First of all, why was she “letting” me live here? Isn’t part of a father’s responsibility to take care of his kid? I wanted to do the two-year design program at the Toronto School of Art. I would have been happy to live on my own and let them foot the bill, but my father thought all of us living together would be a good opportunity for us to get to know one another. Apparently AJ has now changed her mind.
Second, she didn’t get me the job at Stiletto to help me. She used employment as an excuse for exiling me from her Rosedale palace. Is it my fault that she happens to know someone in the industry of my dreams? What does she expect from me? It’s not even a high-paying job. If my salary were a shirt, it would barely be enough material to cover my nipples.
“Thank you, Daddy,” I say in a Popsicle-sweet voice. “I truly appreciate everything AJ has done to make my life more successful. If she hadn’t fucked you while you were married to my mother, I might not have ended up right here at this kitchen table, drinking juice.”

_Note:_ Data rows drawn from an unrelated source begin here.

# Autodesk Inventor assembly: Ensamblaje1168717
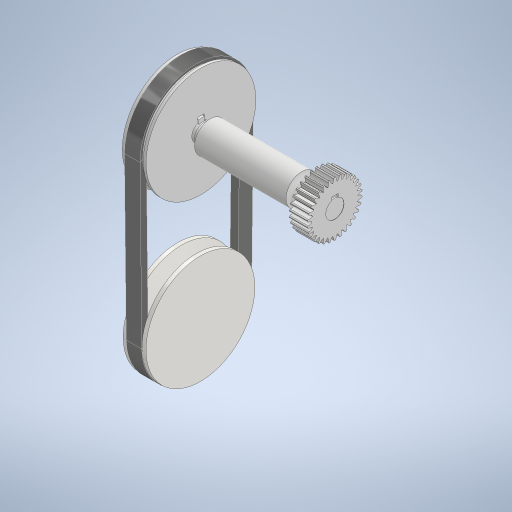
[picture p0: Inventor's stored thumbnail of the model, 512x512]
Saved by Autodesk Inventor 2024 (Build 280153000, 153)
## iProperties
Created: 2024-03-31
Part Number: Ensamblaje1168717
Document SubType Name: Assembly
Designer: mariu
Author: mariu
## Documents named in this file (6)
- C:\Users\mariu\OneDrive\Desktop\Ensamblaje1168717.iam
- C:\Users\mariu\OneDrive\Desktop\EJE_CUÑEROS.ipt
- C:\Users\mariu\OneDrive\Desktop\CUÑA.ipt
- C:\Users\mariu\Downloads\WhatsApp Unknown 2023-07-19 at 10.35.29 AM\ENGRANE.ipt
- C:\Users\mariu\OneDrive\Desktop\POLEA.ipt
- C:\Users\mariu\Downloads\WhatsApp Unknown 2023-07-19 at 10.35.29 AM\Ensamblaje1168717\Design Accelerator\Transmisión de correa trapezoidal1.iam
## Components (6 placed, 5 different names)
1. EJE_CUÑEROS:1 — Coincidencia:1, Coincidencia:2, Coincidencia:3, Coincidencia:4
2. CUÑA:1 — Coincidencia:1
3. CUÑA:2 — Coincidencia:2
4. ENGRANE:1 — Coincidencia:3
5. POLEA:1 — Coincidencia:4
6. Transmisión de correa trapezoidal:1 [sub-assembly]
## Relationships (4: Mate 4)
- Coincidencia:1 [Mate]: EJE_CUÑEROS:1 ↔ CUÑA:1
- Coincidencia:2 [Mate]: EJE_CUÑEROS:1 ↔ CUÑA:2
- Coincidencia:3 [Mate]: EJE_CUÑEROS:1 ↔ ENGRANE:1
- Coincidencia:4 [Mate]: EJE_CUÑEROS:1 ↔ POLEA:1

So I’m a big baby. Shoot me.
My father gets up and leaves the kitchen. He’s always taking off. Maybe he was an airplane in his last life.
The moonlight spills into the kitchen and my body glitter dances.
Maybe I’ll play dress-up with Barbie.
Maybe I’ll take her shopping tomorrow.
Things could be worse. Daddy dear hasn’t taken back his credit card.
Another breakup equals another shopping spree.
4
ALLIE GETS EXCITED
ALLIE
One hour till Clint comes. Well, not comes exactly, but comes over. Maybe comes.
So that’s it, then. I’ll organize for potential coming. I’ll take the vodka out of the cupboard and put it into the freezer. Hea-vy. Why did I buy the supersize bottle? Was I planning on bathing in it? How much vodka can two people drink?
Ditto for the cranberry juice. Supersize? Puh-lease. But it will make a perfect vodka diluter later and a fab dry-mouth remedy immediately. Mmm, good. Back into the fridge. Whoops…cranberry juice leakage. Why can’t I ever remember to screw the top back on properly?
Will cranberry juice make me have to pee? It’s supposed to cure bladder infections, but I don’t want to be running to the bathroom every five seconds, do I? Talk about ruining the mood. Although I read you have a better orgasm when you have to pee. I think that’s just for women. I don’t think guys can have to pee and be hard at the same time. I also read that if you’re about to have a G-spot orgasm you feel like you have to pee.
I’ve never had a G-spot orgasm. I’ve never had an orgasm during sex. I’ve never had sex.
I’m a twenty-two-year-old virgin.
Is that crazy? It’s not like I have a third eye or a missing front tooth or anything. There are other virgins. Thousands of them, probably. It’s just that the others are either waiting for marriage, religious or ugly.
Or thirteen years old.
I’m pathetic.
But I’m waiting to meet a man I’m utterly in love with! Or a little in love with. Or, at least, a man I like.
Or, at least, a man who likes me.
Okay, fine. I’m waiting for a man, any man, as long as I like him and want to sleep with him, and as long as he likes me and wants to sleep with me. I don’t think that’s too much to ask for, is it?
Open mouth. Insert nail of left ring finger. Mmm.
I almost did it in high school. With Gordon. God knows he wanted to. He asked me pretty much every day: “When are you going to be ready? Are you ready yet? How come everyone else is doing it? How come everyone else is ready?” I wanted to, but for some mind-numbing, inexplicable reason, I felt it was my duty to say no. We’re too young. We’re not ready. Why is that exactly? Someone remind me, please. Teenage girls want to do it as much as guys do. We daydream about doing it, we imagine ourselves doing it, but we believe it is our duty not to do it. Except for the girls who actually do it. They’re the ones we call sluts when their backs are turned. They’re the ones we pretended to be when our eyes were closed.
Is it possible I waited too long and now it won’t even work? Does that happen? Can a hymen ferment?